As published in February 2021, the NCCN guidelines provide clear direction on the utilization of PARP inhibitors in the frontline maintenance treatment of [patients with] ovarian cancer. In fact, [the NCCN guidelines] closely mirror what John K. Chan, MD, [of the University of California, San Francisco Helen Diller Family Comprehensive Cancer Center] and I published in Gynecologic Oncology in December 2020.
[That publication] basically [stated] that there are 3 key decisions [that need to be made when selecting an up-front treatment for patients with advanced ovarian cancer]. Even before the first decision is made, everyone needs to agree to do germline testing, generally with a panel. If [the patient has] a germline BRCA mutation, we’re done [considering options]. If [the patient doesn’t have] a germline BRCA mutation, we have to pivot to tumor testing because not only can you identify, the family [members who] need risk-reducing surgery or screening, but also patients who are most likely to benefit from a PARP inhibitor.
If there is no germline mutation, we look for the opportunity to use a PARP inhibitor [via] tumor testing, which is basically an HRD test. There are 2 FDA-approved HRD tests [available] in the clinic.
After we’ve done [HRD testing], we are able to make the first hard decision: Do we give neoadjuvant chemotherapy? Remember, there is no such thing as optimal debulking [surgery] because we can either cut it out or we can’t. If we can cut [the tumor] out [and the patient is R0], it is good. If we can’t, we begin neoadjuvant chemotherapy with interval debulking between the third and fourth cycles.

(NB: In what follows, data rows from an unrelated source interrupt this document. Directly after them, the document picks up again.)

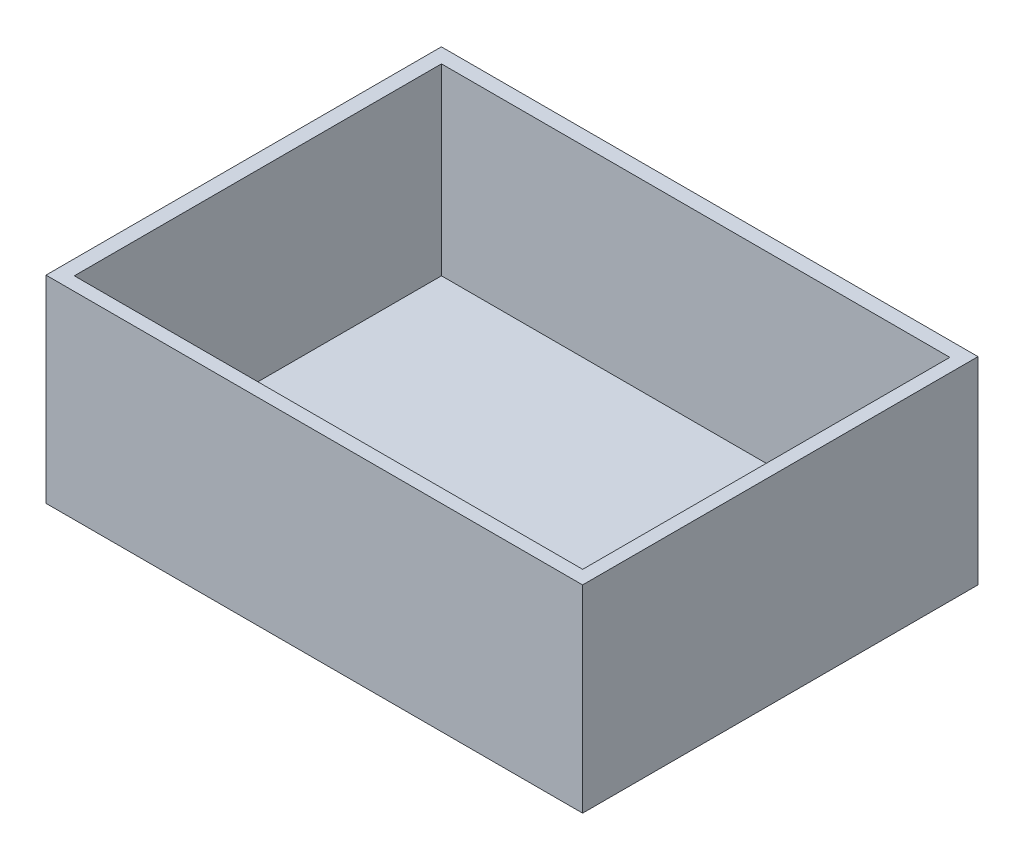
ISO-10303-21;
HEADER;
FILE_DESCRIPTION(('STEP AP214'),'2;1');
FILE_NAME('part.step','',(''),(''),'','','');
FILE_SCHEMA(('AUTOMOTIVE_DESIGN { 1 0 10303 214 1 1 1 1 }'));
ENDSEC;
DATA;
#1=APPLICATION_CONTEXT('core data for automotive mechanical design processes');
#2=APPLICATION_PROTOCOL_DEFINITION('international standard','automotive_design',2000,#1);
#3=PRODUCT_CONTEXT('',#1,'mechanical');
#4=PRODUCT('Part','Part','',(#3));
#5=PRODUCT_RELATED_PRODUCT_CATEGORY('part','',(#4));
#6=PRODUCT_DEFINITION_FORMATION('','',#4);
#7=PRODUCT_DEFINITION_CONTEXT('part definition',#1,'design');
#8=PRODUCT_DEFINITION('design','',#6,#7);
#9=PRODUCT_DEFINITION_SHAPE('','',#8);
#10=(LENGTH_UNIT() NAMED_UNIT(*) SI_UNIT(.MILLI.,.METRE.));
#11=(NAMED_UNIT(*) PLANE_ANGLE_UNIT() SI_UNIT($,.RADIAN.));
#12=(NAMED_UNIT(*) SI_UNIT($,.STERADIAN.) SOLID_ANGLE_UNIT());
#13=UNCERTAINTY_MEASURE_WITH_UNIT(LENGTH_MEASURE(1.E-05),#10,'distance_accuracy_value','');
#14=(GEOMETRIC_REPRESENTATION_CONTEXT(3) GLOBAL_UNCERTAINTY_ASSIGNED_CONTEXT((#13)) GLOBAL_UNIT_ASSIGNED_CONTEXT((#10,
#11,#12)) REPRESENTATION_CONTEXT('',''));
#15=CARTESIAN_POINT('',(0.,0.,0.));
#16=DIRECTION('',(0.,0.,1.));
#17=DIRECTION('',(1.,0.,0.));
#18=AXIS2_PLACEMENT_3D('',#15,#16,#17);
#19=CARTESIAN_POINT('',(-61.7894736842105,70.,-61.8947368421053));
#20=DIRECTION('',(1.,0.,0.));
#21=DIRECTION('',(0.,0.,-1.));
#22=AXIS2_PLACEMENT_3D('',#19,#20,#21);
#23=PLANE('',#22);
#24=DIRECTION('',(0.,0.,1.));
#25=VECTOR('',#24,1.);
#26=CARTESIAN_POINT('',(-61.7894736842105,0.,-61.8947368421053));
#27=LINE('',#26,#25);
#28=CARTESIAN_POINT('',(-61.7894736842105,0.,-61.8947368421053));
#29=VERTEX_POINT('',#28);
#30=CARTESIAN_POINT('',(-61.7894736842105,0.,78.1052631578947));
#31=VERTEX_POINT('',#30);
#32=EDGE_CURVE('E145',#29,#31,#27,.T.);
#33=ORIENTED_EDGE('',*,*,#32,.T.);
#34=DIRECTION('',(0.,-1.,0.));
#35=VECTOR('',#34,1.);
#36=CARTESIAN_POINT('',(-61.7894736842105,70.,78.1052631578947));
#37=LINE('',#36,#35);
#38=CARTESIAN_POINT('',(-61.7894736842105,70.,78.1052631578947));
#39=VERTEX_POINT('',#38);
#40=EDGE_CURVE('E11',#39,#31,#37,.T.);
#41=ORIENTED_EDGE('',*,*,#40,.F.);
#42=DIRECTION('',(0.,0.,1.));
#43=VECTOR('',#42,1.);
#44=CARTESIAN_POINT('',(-61.7894736842105,70.,-61.8947368421053));
#45=LINE('',#44,#43);
#46=CARTESIAN_POINT('',(-61.7894736842105,70.,-61.8947368421053));
#47=VERTEX_POINT('',#46);
#48=EDGE_CURVE('E149',#47,#39,#45,.T.);
#49=ORIENTED_EDGE('',*,*,#48,.F.);
#50=DIRECTION('',(0.,-1.,0.));
#51=VECTOR('',#50,1.);
#52=CARTESIAN_POINT('',(-61.7894736842105,70.,-61.8947368421053));
#53=LINE('',#52,#51);
#54=EDGE_CURVE('E155',#47,#29,#53,.T.);
#55=ORIENTED_EDGE('',*,*,#54,.T.);
#56=EDGE_LOOP('',(#33,#41,#49,#55));
#57=FACE_BOUND('',#56,.T.);
#58=ADVANCED_FACE('F37',(#57),#23,.F.);
#59=CARTESIAN_POINT('',(-61.7894736842105,70.,78.1052631578947));
#60=DIRECTION('',(0.,0.,-1.));
#61=DIRECTION('',(-1.,0.,0.));
#62=AXIS2_PLACEMENT_3D('',#59,#60,#61);
#63=PLANE('',#62);
#64=DIRECTION('',(1.,0.,0.));
#65=VECTOR('',#64,1.);
#66=CARTESIAN_POINT('',(-61.7894736842105,0.,78.1052631578947));
#67=LINE('',#66,#65);
#68=CARTESIAN_POINT('',(128.21052631579,0.,78.1052631578947));
#69=VERTEX_POINT('',#68);
#70=EDGE_CURVE('E158',#31,#69,#67,.T.);
#71=ORIENTED_EDGE('',*,*,#70,.T.);
#72=DIRECTION('',(0.,-1.,0.));
#73=VECTOR('',#72,1.);
#74=CARTESIAN_POINT('',(128.21052631579,70.,78.1052631578947));
#75=LINE('',#74,#73);
#76=CARTESIAN_POINT('',(128.21052631579,70.,78.1052631578947));
#77=VERTEX_POINT('',#76);
#78=EDGE_CURVE('E44',#77,#69,#75,.T.);
#79=ORIENTED_EDGE('',*,*,#78,.F.);
#80=DIRECTION('',(1.,0.,0.));
#81=VECTOR('',#80,1.);
#82=CARTESIAN_POINT('',(-61.7894736842105,70.,78.1052631578947));
#83=LINE('',#82,#81);
#84=EDGE_CURVE('E88',#39,#77,#83,.T.);
#85=ORIENTED_EDGE('',*,*,#84,.F.);
#86=ORIENTED_EDGE('',*,*,#40,.T.);
#87=EDGE_LOOP('',(#71,#79,#85,#86));
#88=FACE_BOUND('',#87,.T.);
#89=ADVANCED_FACE('F187',(#88),#63,.F.);
#90=CARTESIAN_POINT('',(128.21052631579,70.,-61.8947368421053));
#91=DIRECTION('',(-1.,0.,0.));
#92=DIRECTION('',(0.,0.,1.));
#93=AXIS2_PLACEMENT_3D('',#90,#91,#92);
#94=PLANE('',#93);
#95=DIRECTION('',(0.,0.,-1.));
#96=VECTOR('',#95,1.);
#97=CARTESIAN_POINT('',(128.21052631579,0.,-61.8947368421053));
#98=LINE('',#97,#96);
#99=CARTESIAN_POINT('',(128.21052631579,0.,-61.8947368421053));
#100=VERTEX_POINT('',#99);
#101=EDGE_CURVE('E160',#69,#100,#98,.T.);
#102=ORIENTED_EDGE('',*,*,#101,.T.);
#103=DIRECTION('',(0.,-1.,0.));
#104=VECTOR('',#103,1.);
#105=CARTESIAN_POINT('',(128.21052631579,70.,-61.8947368421053));
#106=LINE('',#105,#104);
#107=CARTESIAN_POINT('',(128.21052631579,70.,-61.8947368421053));
#108=VERTEX_POINT('',#107);
#109=EDGE_CURVE('E164',#108,#100,#106,.T.);
#110=ORIENTED_EDGE('',*,*,#109,.F.);
#111=DIRECTION('',(0.,0.,-1.));
#112=VECTOR('',#111,1.);
#113=CARTESIAN_POINT('',(128.21052631579,70.,-61.8947368421053));
#114=LINE('',#113,#112);
#115=EDGE_CURVE('E152',#77,#108,#114,.T.);
#116=ORIENTED_EDGE('',*,*,#115,.F.);
#117=ORIENTED_EDGE('',*,*,#78,.T.);
#118=EDGE_LOOP('',(#102,#110,#116,#117));
#119=FACE_BOUND('',#118,.T.);
#120=ADVANCED_FACE('F169',(#119),#94,.F.);
#121=CARTESIAN_POINT('',(-61.7894736842105,70.,-61.8947368421053));
#122=DIRECTION('',(0.,0.,1.));
#123=DIRECTION('',(1.,0.,0.));
#124=AXIS2_PLACEMENT_3D('',#121,#122,#123);
#125=PLANE('',#124);
#126=DIRECTION('',(-1.,0.,0.));
#127=VECTOR('',#126,1.);
#128=CARTESIAN_POINT('',(-61.7894736842105,0.,-61.8947368421053));
#129=LINE('',#128,#127);
#130=EDGE_CURVE('E81',#100,#29,#129,.T.);
#131=ORIENTED_EDGE('',*,*,#130,.T.);
#132=ORIENTED_EDGE('',*,*,#54,.F.);
#133=DIRECTION('',(-1.,0.,0.));
#134=VECTOR('',#133,1.);
#135=CARTESIAN_POINT('',(-61.7894736842105,70.,-61.8947368421053));
#136=LINE('',#135,#134);
#137=EDGE_CURVE('E60',#108,#47,#136,.T.);
#138=ORIENTED_EDGE('',*,*,#137,.F.);
#139=ORIENTED_EDGE('',*,*,#109,.T.);
#140=EDGE_LOOP('',(#131,#132,#138,#139));
#141=FACE_BOUND('',#140,.T.);
#142=ADVANCED_FACE('F177',(#141),#125,.F.);
#143=CARTESIAN_POINT('',(0.,70.,0.));
#144=DIRECTION('',(0.,1.,0.));
#145=DIRECTION('',(0.,0.,1.));
#146=AXIS2_PLACEMENT_3D('',#143,#144,#145);
#147=PLANE('',#146);
#148=DIRECTION('',(0.,0.,1.));
#149=VECTOR('',#148,1.);
#150=CARTESIAN_POINT('',(-56.5545811256332,70.,-56.6885006136446));
#151=LINE('',#150,#149);
#152=CARTESIAN_POINT('',(-56.5545811256332,70.,-56.6885006136446));
#153=VERTEX_POINT('',#152);
#154=CARTESIAN_POINT('',(-56.5545811256332,70.,73.3114993863554));
#155=VERTEX_POINT('',#154);
#156=EDGE_CURVE('E51',#153,#155,#151,.T.);
#157=ORIENTED_EDGE('',*,*,#156,.F.);
#158=DIRECTION('',(-1.,0.,0.));
#159=VECTOR('',#158,1.);
#160=CARTESIAN_POINT('',(-56.5545811256332,70.,-56.6885006136446));
#161=LINE('',#160,#159);
#162=CARTESIAN_POINT('',(123.445418874367,70.,-56.6885006136446));
#163=VERTEX_POINT('',#162);
#164=EDGE_CURVE('E130',#163,#153,#161,.T.);
#165=ORIENTED_EDGE('',*,*,#164,.F.);
#166=DIRECTION('',(0.,0.,-1.));
#167=VECTOR('',#166,1.);
#168=CARTESIAN_POINT('',(123.445418874367,70.,-56.6885006136446));
#169=LINE('',#168,#167);
#170=CARTESIAN_POINT('',(123.445418874367,70.,73.3114993863554));
#171=VERTEX_POINT('',#170);
#172=EDGE_CURVE('E133',#171,#163,#169,.T.);
#173=ORIENTED_EDGE('',*,*,#172,.F.);
#174=DIRECTION('',(1.,0.,0.));
#175=VECTOR('',#174,1.);
#176=CARTESIAN_POINT('',(-56.5545811256332,70.,73.3114993863554));
#177=LINE('',#176,#175);
#178=EDGE_CURVE('E139',#155,#171,#177,.T.);
#179=ORIENTED_EDGE('',*,*,#178,.F.);
#180=EDGE_LOOP('',(#157,#165,#173,#179));
#181=FACE_BOUND('',#180,.T.);
#182=ORIENTED_EDGE('',*,*,#48,.T.);
#183=ORIENTED_EDGE('',*,*,#84,.T.);
#184=ORIENTED_EDGE('',*,*,#115,.T.);
#185=ORIENTED_EDGE('',*,*,#137,.T.);
#186=EDGE_LOOP('',(#182,#183,#184,#185));
#187=FACE_BOUND('',#186,.T.);
#188=ADVANCED_FACE('F179',(#181,#187),#147,.T.);
#189=CARTESIAN_POINT('',(0.,0.,0.));
#190=DIRECTION('',(0.,1.,0.));
#191=DIRECTION('',(0.,0.,1.));
#192=AXIS2_PLACEMENT_3D('',#189,#190,#191);
#193=PLANE('',#192);
#194=ORIENTED_EDGE('',*,*,#32,.F.);
#195=ORIENTED_EDGE('',*,*,#130,.F.);
#196=ORIENTED_EDGE('',*,*,#101,.F.);
#197=ORIENTED_EDGE('',*,*,#70,.F.);
#198=EDGE_LOOP('',(#194,#195,#196,#197));
#199=FACE_BOUND('',#198,.T.);
#200=ADVANCED_FACE('F173',(#199),#193,.F.);
#201=CARTESIAN_POINT('',(-56.5545811256332,5.,-56.6885006136446));
#202=DIRECTION('',(-1.,0.,0.));
#203=DIRECTION('',(0.,0.,1.));
#204=AXIS2_PLACEMENT_3D('',#201,#202,#203);
#205=PLANE('',#204);
#206=ORIENTED_EDGE('',*,*,#156,.T.);
#207=DIRECTION('',(0.,1.,0.));
#208=VECTOR('',#207,1.);
#209=CARTESIAN_POINT('',(-56.5545811256332,5.,73.3114993863554));
#210=LINE('',#209,#208);
#211=CARTESIAN_POINT('',(-56.5545811256332,5.,73.3114993863554));
#212=VERTEX_POINT('',#211);
#213=EDGE_CURVE('E108',#212,#155,#210,.T.);
#214=ORIENTED_EDGE('',*,*,#213,.F.);
#215=DIRECTION('',(0.,0.,1.));
#216=VECTOR('',#215,1.);
#217=CARTESIAN_POINT('',(-56.5545811256332,5.,-56.6885006136446));
#218=LINE('',#217,#216);
#219=CARTESIAN_POINT('',(-56.5545811256332,5.,-56.6885006136446));
#220=VERTEX_POINT('',#219);
#221=EDGE_CURVE('E112',#220,#212,#218,.T.);
#222=ORIENTED_EDGE('',*,*,#221,.F.);
#223=DIRECTION('',(0.,1.,0.));
#224=VECTOR('',#223,1.);
#225=CARTESIAN_POINT('',(-56.5545811256332,5.,-56.6885006136446));
#226=LINE('',#225,#224);
#227=EDGE_CURVE('E143',#220,#153,#226,.T.);
#228=ORIENTED_EDGE('',*,*,#227,.T.);
#229=EDGE_LOOP('',(#206,#214,#222,#228));
#230=FACE_BOUND('',#229,.T.);
#231=ADVANCED_FACE('F110',(#230),#205,.F.);
#232=CARTESIAN_POINT('',(-56.5545811256332,5.,-56.6885006136446));
#233=DIRECTION('',(0.,0.,-1.));
#234=DIRECTION('',(-1.,0.,0.));
#235=AXIS2_PLACEMENT_3D('',#232,#233,#234);
#236=PLANE('',#235);
#237=ORIENTED_EDGE('',*,*,#164,.T.);
#238=ORIENTED_EDGE('',*,*,#227,.F.);
#239=DIRECTION('',(-1.,0.,0.));
#240=VECTOR('',#239,1.);
#241=CARTESIAN_POINT('',(-56.5545811256332,5.,-56.6885006136446));
#242=LINE('',#241,#240);
#243=CARTESIAN_POINT('',(123.445418874367,5.,-56.6885006136446));
#244=VERTEX_POINT('',#243);
#245=EDGE_CURVE('E118',#244,#220,#242,.T.);
#246=ORIENTED_EDGE('',*,*,#245,.F.);
#247=DIRECTION('',(0.,1.,0.));
#248=VECTOR('',#247,1.);
#249=CARTESIAN_POINT('',(123.445418874367,5.,-56.6885006136446));
#250=LINE('',#249,#248);
#251=EDGE_CURVE('E146',#244,#163,#250,.T.);
#252=ORIENTED_EDGE('',*,*,#251,.T.);
#253=EDGE_LOOP('',(#237,#238,#246,#252));
#254=FACE_BOUND('',#253,.T.);
#255=ADVANCED_FACE('F230',(#254),#236,.F.);
#256=CARTESIAN_POINT('',(123.445418874367,5.,-56.6885006136446));
#257=DIRECTION('',(1.,0.,0.));
#258=DIRECTION('',(0.,0.,-1.));
#259=AXIS2_PLACEMENT_3D('',#256,#257,#258);
#260=PLANE('',#259);
#261=ORIENTED_EDGE('',*,*,#172,.T.);
#262=ORIENTED_EDGE('',*,*,#251,.F.);
#263=DIRECTION('',(0.,0.,-1.));
#264=VECTOR('',#263,1.);
#265=CARTESIAN_POINT('',(123.445418874367,5.,-56.6885006136446));
#266=LINE('',#265,#264);
#267=CARTESIAN_POINT('',(123.445418874367,5.,73.3114993863554));
#268=VERTEX_POINT('',#267);
#269=EDGE_CURVE('E126',#268,#244,#266,.T.);
#270=ORIENTED_EDGE('',*,*,#269,.F.);
#271=DIRECTION('',(0.,1.,0.));
#272=VECTOR('',#271,1.);
#273=CARTESIAN_POINT('',(123.445418874367,5.,73.3114993863554));
#274=LINE('',#273,#272);
#275=EDGE_CURVE('E117',#268,#171,#274,.T.);
#276=ORIENTED_EDGE('',*,*,#275,.T.);
#277=EDGE_LOOP('',(#261,#262,#270,#276));
#278=FACE_BOUND('',#277,.T.);
#279=ADVANCED_FACE('F240',(#278),#260,.F.);
#280=CARTESIAN_POINT('',(-56.5545811256332,5.,73.3114993863554));
#281=DIRECTION('',(0.,0.,1.));
#282=DIRECTION('',(1.,0.,0.));
#283=AXIS2_PLACEMENT_3D('',#280,#281,#282);
#284=PLANE('',#283);
#285=ORIENTED_EDGE('',*,*,#178,.T.);
#286=ORIENTED_EDGE('',*,*,#275,.F.);
#287=DIRECTION('',(1.,0.,0.));
#288=VECTOR('',#287,1.);
#289=CARTESIAN_POINT('',(-56.5545811256332,5.,73.3114993863554));
#290=LINE('',#289,#288);
#291=EDGE_CURVE('E121',#212,#268,#290,.T.);
#292=ORIENTED_EDGE('',*,*,#291,.F.);
#293=ORIENTED_EDGE('',*,*,#213,.T.);
#294=EDGE_LOOP('',(#285,#286,#292,#293));
#295=FACE_BOUND('',#294,.T.);
#296=ADVANCED_FACE('F122',(#295),#284,.F.);
#297=CARTESIAN_POINT('',(0.,5.,0.));
#298=DIRECTION('',(0.,1.,0.));
#299=DIRECTION('',(0.,0.,1.));
#300=AXIS2_PLACEMENT_3D('',#297,#298,#299);
#301=PLANE('',#300);
#302=ORIENTED_EDGE('',*,*,#221,.T.);
#303=ORIENTED_EDGE('',*,*,#291,.T.);
#304=ORIENTED_EDGE('',*,*,#269,.T.);
#305=ORIENTED_EDGE('',*,*,#245,.T.);
#306=EDGE_LOOP('',(#302,#303,#304,#305));
#307=FACE_BOUND('',#306,.T.);
#308=ADVANCED_FACE('F128',(#307),#301,.T.);
#309=CLOSED_SHELL('',(#58,#89,#120,#142,#188,#200,#231,#255,#279,#296,#308));
#310=MANIFOLD_SOLID_BREP('B2',#309);
#311=ADVANCED_BREP_SHAPE_REPRESENTATION('',(#18,#310),#14);
#312=SHAPE_DEFINITION_REPRESENTATION(#9,#311);
ENDSEC;
END-ISO-10303-21;

The second decision is that after [either giving or not giving] neoadjuvant chemotherapy: [Do we give bevacizumab]? The indication for bevacizumab is all-comers with stage III or IV ovarian cancer. I [understand] that a 10-month OS advantage was suggested [with bevacizumab] even in the highest-risk population with stage IV disease. When or if bevacizumab is utilized has a lot of controversy. Personally, having first reported bevacizumab’s activity in ovarian cancer in the current setting, I used to utilize bevacizumab commonly up front.
After we’ve made the first and second decisions, we have to make the third decision, which is what this conversation about PARP inhibitors [comprise]. That [decision] is informed by bevacizumab because if we are [giving] bevacizumab, we are not going to stop it if it is effective and tolerable. However, if the patient has an HRD molecular signature, we are going to add olaparib as per the PAOLA-1 trial. If we are not using bevacizumab, there are 2 buckets: [patients with] BRCA [mutations] and [patients with] HRD without BRCA [mutations]. In the BRCA-mutant cohort not on bevacizumab, the options are olaparib per SOLO-1 or niraparib per PRIMA. That’s a tough decision, but it is most important that patients with BRCA mutations get a PARP inhibitor as [frontline] maintenance treatment. If we are not using bevacizumab, the only PARP inhibitor that is utilized in the HRD non–BRCA-mutant cohort is niraparib per PRIMA. If we don’t use bevacizumab in the non-HRD [cohort], we can use niraparib in the HR-proficient group.